**What you have to do**
Take the data below and extract the lines from the one with "#17801 = VERTEX_POINT ( 'NONE', #54839 ) ;" to the one with "#33333 = LINE ( 'NONE', #103013, #54346 ) ;", inclusive, exactly as written.
———
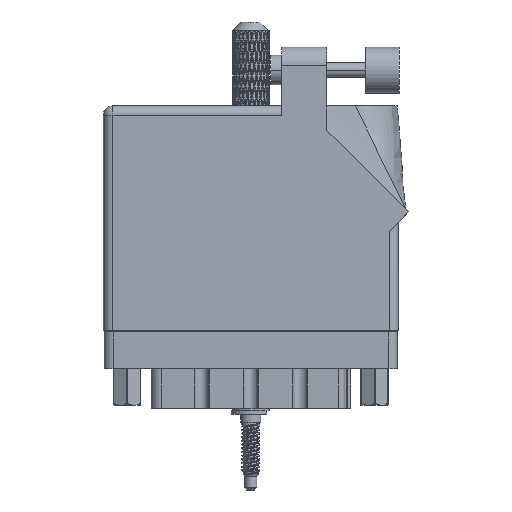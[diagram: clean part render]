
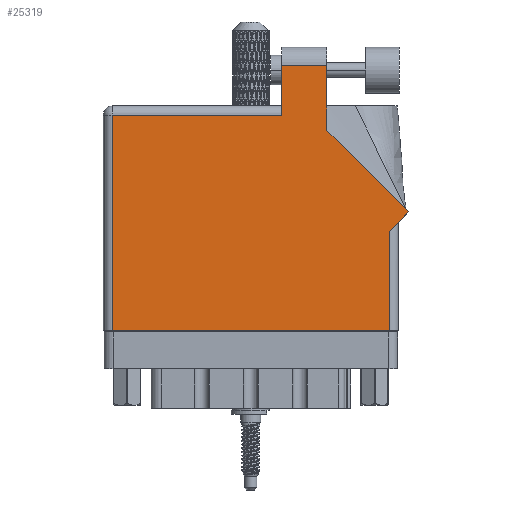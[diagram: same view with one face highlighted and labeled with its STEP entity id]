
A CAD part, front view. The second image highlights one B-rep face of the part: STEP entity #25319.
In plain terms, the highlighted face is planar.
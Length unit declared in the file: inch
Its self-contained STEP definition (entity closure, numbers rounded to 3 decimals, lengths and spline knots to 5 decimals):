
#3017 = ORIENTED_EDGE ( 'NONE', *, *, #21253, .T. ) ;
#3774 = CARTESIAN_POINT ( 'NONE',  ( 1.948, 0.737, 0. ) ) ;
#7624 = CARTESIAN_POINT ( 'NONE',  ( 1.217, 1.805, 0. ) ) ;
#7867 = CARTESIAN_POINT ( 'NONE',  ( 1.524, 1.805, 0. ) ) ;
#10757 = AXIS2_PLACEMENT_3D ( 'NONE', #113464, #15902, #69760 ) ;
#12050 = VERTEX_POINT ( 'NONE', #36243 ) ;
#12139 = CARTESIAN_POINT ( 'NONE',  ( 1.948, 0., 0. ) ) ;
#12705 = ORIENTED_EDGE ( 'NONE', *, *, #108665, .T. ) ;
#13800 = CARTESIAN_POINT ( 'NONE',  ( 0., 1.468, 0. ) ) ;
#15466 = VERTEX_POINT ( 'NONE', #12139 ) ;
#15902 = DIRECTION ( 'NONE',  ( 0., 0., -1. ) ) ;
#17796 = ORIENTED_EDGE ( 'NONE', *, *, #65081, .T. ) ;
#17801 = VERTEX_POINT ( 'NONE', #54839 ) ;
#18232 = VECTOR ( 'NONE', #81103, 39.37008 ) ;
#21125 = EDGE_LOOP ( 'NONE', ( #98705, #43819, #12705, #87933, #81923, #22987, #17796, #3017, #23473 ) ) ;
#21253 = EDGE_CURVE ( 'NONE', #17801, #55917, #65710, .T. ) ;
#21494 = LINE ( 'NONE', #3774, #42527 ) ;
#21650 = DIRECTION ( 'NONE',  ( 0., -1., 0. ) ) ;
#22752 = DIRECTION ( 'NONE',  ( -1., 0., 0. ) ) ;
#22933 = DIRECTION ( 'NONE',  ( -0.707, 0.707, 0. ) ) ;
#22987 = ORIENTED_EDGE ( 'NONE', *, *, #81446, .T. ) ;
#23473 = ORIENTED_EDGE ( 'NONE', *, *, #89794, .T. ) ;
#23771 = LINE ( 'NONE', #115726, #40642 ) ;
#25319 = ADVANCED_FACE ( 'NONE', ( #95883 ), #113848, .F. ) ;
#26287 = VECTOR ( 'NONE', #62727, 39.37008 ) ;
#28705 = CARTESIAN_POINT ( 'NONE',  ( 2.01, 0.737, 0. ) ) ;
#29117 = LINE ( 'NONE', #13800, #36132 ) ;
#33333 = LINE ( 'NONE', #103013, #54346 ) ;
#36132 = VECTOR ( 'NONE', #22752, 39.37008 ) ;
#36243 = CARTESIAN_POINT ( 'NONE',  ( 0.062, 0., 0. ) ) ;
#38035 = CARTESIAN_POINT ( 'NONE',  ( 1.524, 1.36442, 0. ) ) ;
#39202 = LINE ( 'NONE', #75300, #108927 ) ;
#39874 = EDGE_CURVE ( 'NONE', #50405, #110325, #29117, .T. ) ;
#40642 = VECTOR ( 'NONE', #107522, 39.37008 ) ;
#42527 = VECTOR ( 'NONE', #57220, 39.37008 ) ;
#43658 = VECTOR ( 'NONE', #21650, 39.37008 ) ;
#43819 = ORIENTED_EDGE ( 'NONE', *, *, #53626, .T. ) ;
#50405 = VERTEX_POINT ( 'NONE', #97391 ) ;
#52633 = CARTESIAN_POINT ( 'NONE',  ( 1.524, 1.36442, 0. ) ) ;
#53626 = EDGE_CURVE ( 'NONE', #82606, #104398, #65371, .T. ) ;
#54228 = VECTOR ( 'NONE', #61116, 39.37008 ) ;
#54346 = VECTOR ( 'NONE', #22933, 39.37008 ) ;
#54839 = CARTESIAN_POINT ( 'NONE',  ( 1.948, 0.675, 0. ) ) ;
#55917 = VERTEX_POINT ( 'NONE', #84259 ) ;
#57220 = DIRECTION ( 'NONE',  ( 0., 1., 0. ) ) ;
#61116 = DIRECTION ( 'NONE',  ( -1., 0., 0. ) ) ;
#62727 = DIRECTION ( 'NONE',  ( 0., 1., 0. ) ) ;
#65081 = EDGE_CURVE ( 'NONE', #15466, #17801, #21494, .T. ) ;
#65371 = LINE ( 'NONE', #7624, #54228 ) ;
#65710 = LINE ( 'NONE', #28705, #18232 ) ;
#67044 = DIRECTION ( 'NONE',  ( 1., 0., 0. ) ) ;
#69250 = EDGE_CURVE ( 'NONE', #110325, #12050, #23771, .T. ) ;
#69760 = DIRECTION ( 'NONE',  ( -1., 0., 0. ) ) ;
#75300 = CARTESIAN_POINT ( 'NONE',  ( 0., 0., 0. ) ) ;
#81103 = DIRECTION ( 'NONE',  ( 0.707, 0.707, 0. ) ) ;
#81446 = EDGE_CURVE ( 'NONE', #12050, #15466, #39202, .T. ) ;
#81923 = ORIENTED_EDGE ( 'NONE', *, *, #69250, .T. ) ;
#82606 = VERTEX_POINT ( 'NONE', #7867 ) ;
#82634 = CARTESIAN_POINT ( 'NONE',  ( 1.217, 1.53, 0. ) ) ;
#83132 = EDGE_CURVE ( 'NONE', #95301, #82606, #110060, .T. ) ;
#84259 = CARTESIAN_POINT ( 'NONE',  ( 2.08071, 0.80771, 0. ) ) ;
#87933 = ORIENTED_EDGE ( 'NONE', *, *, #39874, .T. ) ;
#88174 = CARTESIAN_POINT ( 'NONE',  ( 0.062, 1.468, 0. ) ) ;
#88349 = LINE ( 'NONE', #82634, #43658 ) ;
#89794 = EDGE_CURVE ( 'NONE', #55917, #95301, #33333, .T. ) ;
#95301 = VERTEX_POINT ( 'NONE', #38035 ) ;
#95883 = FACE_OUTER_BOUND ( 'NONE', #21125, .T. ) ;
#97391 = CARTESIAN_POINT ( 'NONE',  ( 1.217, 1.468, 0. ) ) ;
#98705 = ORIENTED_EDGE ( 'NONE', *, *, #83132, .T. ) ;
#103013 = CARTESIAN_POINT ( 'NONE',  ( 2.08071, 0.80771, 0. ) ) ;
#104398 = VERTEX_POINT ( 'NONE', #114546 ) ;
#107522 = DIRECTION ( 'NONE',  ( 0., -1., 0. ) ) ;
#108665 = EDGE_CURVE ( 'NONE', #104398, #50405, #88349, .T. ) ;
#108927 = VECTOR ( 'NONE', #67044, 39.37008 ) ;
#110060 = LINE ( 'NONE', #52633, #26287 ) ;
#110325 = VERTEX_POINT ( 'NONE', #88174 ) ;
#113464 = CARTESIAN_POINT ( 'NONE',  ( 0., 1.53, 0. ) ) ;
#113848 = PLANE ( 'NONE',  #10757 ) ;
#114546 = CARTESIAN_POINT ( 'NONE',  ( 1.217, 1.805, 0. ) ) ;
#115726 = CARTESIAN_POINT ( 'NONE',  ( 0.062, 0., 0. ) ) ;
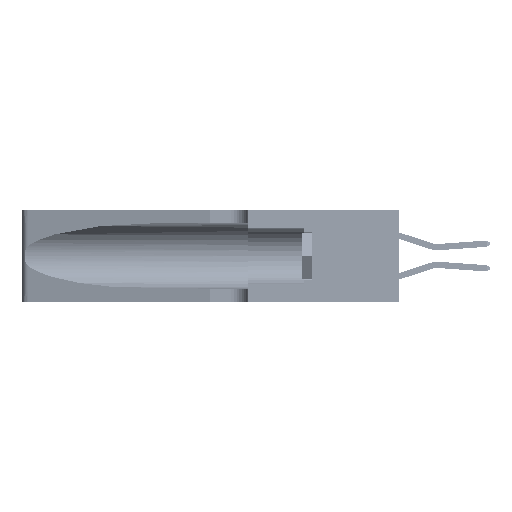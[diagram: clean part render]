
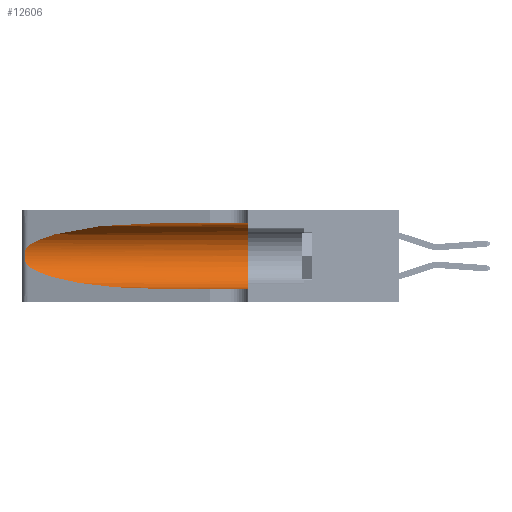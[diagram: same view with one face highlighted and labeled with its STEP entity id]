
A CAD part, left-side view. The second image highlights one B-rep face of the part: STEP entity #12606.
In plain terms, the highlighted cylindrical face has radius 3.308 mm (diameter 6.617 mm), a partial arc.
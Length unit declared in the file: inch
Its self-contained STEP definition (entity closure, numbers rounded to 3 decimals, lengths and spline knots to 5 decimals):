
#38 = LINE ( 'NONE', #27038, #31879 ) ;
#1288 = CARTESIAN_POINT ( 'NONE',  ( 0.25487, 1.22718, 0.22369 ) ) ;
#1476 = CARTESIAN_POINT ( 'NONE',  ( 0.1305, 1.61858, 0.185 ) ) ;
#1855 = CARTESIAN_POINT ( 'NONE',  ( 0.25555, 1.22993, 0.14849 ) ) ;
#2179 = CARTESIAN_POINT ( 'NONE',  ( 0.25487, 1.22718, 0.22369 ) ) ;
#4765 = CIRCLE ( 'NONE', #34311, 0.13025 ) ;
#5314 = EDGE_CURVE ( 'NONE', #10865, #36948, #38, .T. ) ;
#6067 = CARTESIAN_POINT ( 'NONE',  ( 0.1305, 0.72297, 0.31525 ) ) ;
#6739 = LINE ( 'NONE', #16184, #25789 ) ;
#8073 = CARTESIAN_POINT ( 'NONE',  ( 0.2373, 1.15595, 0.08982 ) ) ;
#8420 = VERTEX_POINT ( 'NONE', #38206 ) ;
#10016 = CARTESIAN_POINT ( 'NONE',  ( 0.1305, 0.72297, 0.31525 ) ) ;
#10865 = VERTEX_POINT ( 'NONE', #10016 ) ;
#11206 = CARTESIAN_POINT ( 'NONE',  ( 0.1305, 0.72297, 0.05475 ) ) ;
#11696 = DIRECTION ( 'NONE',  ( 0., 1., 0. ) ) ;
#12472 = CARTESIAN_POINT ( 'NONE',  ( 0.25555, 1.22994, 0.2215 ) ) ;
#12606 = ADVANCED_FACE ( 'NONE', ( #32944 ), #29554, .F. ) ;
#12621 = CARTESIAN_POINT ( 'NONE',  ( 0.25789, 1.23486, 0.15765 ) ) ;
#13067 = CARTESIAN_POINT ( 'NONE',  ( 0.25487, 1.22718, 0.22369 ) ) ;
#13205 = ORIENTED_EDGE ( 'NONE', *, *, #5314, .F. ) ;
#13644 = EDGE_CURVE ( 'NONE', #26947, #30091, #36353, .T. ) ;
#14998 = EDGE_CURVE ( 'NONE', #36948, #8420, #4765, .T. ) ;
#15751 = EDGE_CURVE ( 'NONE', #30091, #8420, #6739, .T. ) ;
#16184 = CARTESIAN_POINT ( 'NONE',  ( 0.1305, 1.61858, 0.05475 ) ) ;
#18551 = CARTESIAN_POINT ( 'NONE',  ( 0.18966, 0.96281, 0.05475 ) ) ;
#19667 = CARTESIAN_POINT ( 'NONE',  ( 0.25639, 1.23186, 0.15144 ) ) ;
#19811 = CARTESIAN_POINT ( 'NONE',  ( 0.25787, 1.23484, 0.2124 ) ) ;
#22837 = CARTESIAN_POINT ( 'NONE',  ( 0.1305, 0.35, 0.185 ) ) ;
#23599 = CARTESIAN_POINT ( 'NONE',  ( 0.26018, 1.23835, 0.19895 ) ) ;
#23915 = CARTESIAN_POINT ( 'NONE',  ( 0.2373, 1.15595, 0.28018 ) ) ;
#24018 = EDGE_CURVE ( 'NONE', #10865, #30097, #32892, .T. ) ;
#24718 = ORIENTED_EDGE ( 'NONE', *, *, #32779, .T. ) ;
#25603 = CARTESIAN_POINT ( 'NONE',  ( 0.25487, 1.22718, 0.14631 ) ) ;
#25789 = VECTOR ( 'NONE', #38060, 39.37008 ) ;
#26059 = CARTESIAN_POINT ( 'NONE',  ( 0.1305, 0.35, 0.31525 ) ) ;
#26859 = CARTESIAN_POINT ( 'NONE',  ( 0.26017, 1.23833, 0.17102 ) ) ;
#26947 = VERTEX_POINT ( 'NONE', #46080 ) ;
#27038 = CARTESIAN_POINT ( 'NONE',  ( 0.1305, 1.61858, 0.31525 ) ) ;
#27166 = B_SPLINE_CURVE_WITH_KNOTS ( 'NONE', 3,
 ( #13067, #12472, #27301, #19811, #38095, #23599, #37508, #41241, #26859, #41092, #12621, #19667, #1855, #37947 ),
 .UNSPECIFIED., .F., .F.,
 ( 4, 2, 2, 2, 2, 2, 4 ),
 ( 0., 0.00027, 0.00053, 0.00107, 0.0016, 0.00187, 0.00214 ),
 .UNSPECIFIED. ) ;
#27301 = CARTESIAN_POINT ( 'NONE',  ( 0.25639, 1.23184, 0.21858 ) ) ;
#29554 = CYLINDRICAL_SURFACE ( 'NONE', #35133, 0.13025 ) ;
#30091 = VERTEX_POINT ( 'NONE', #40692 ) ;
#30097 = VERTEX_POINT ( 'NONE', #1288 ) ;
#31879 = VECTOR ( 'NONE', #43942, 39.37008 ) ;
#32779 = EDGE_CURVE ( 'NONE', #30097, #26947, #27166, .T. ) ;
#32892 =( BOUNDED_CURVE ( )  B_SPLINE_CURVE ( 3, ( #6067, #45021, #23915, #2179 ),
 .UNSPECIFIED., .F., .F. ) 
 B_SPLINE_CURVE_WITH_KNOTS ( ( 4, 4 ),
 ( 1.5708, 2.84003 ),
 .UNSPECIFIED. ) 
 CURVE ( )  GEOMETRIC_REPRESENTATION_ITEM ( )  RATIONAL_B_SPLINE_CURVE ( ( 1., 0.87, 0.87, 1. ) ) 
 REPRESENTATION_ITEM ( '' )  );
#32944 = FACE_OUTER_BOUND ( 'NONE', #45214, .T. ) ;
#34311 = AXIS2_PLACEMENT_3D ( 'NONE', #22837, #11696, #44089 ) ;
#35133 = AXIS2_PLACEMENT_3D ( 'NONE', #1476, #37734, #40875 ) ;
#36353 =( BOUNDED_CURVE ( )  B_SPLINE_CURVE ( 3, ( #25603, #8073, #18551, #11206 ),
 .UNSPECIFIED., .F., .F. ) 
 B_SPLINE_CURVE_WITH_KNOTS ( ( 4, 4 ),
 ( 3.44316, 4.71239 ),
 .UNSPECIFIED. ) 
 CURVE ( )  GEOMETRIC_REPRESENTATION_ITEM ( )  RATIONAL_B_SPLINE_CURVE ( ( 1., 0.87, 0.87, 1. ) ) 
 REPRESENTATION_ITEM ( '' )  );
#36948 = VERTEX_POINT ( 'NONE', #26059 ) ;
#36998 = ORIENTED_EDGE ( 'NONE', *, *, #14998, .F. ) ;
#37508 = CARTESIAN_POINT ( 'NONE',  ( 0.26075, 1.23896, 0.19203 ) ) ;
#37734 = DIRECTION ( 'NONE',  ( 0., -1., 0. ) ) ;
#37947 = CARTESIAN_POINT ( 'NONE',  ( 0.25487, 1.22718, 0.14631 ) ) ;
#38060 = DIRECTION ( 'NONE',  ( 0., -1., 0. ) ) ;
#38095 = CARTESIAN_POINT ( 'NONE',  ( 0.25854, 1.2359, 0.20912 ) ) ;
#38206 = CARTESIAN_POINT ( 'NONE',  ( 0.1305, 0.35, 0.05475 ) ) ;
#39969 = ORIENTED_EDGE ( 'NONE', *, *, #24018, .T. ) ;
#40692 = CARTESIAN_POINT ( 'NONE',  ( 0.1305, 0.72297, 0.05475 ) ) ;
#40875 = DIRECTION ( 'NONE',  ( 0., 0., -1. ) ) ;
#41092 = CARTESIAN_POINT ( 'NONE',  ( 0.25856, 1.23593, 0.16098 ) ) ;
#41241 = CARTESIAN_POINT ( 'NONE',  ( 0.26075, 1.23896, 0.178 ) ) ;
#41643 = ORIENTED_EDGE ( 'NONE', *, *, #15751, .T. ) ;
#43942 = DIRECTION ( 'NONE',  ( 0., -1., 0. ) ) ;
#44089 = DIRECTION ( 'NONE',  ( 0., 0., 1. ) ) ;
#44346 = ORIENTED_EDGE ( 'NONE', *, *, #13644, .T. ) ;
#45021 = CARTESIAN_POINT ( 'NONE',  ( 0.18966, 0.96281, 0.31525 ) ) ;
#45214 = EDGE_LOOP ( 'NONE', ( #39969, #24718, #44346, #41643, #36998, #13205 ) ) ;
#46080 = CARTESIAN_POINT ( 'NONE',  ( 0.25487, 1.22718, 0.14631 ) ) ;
———
**Expected answer**
#17801 = VERTEX_POINT ( 'NONE', #54839 ) ;
#18232 = VECTOR ( 'NONE', #81103, 39.37008 ) ;
#21125 = EDGE_LOOP ( 'NONE', ( #98705, #43819, #12705, #87933, #81923, #22987, #17796, #3017, #23473 ) ) ;
#21253 = EDGE_CURVE ( 'NONE', #17801, #55917, #65710, .T. ) ;
#21494 = LINE ( 'NONE', #3774, #42527 ) ;
#21650 = DIRECTION ( 'NONE',  ( 0., -1., 0. ) ) ;
#22752 = DIRECTION ( 'NONE',  ( -1., 0., 0. ) ) ;
#22933 = DIRECTION ( 'NONE',  ( -0.707, 0.707, 0. ) ) ;
#22987 = ORIENTED_EDGE ( 'NONE', *, *, #81446, .T. ) ;
#23473 = ORIENTED_EDGE ( 'NONE', *, *, #89794, .T. ) ;
#23771 = LINE ( 'NONE', #115726, #40642 ) ;
#25319 = ADVANCED_FACE ( 'NONE', ( #95883 ), #113848, .F. ) ;
#26287 = VECTOR ( 'NONE', #62727, 39.37008 ) ;
#28705 = CARTESIAN_POINT ( 'NONE',  ( 2.01, 0.737, 0. ) ) ;
#29117 = LINE ( 'NONE', #13800, #36132 ) ;
#33333 = LINE ( 'NONE', #103013, #54346 ) ;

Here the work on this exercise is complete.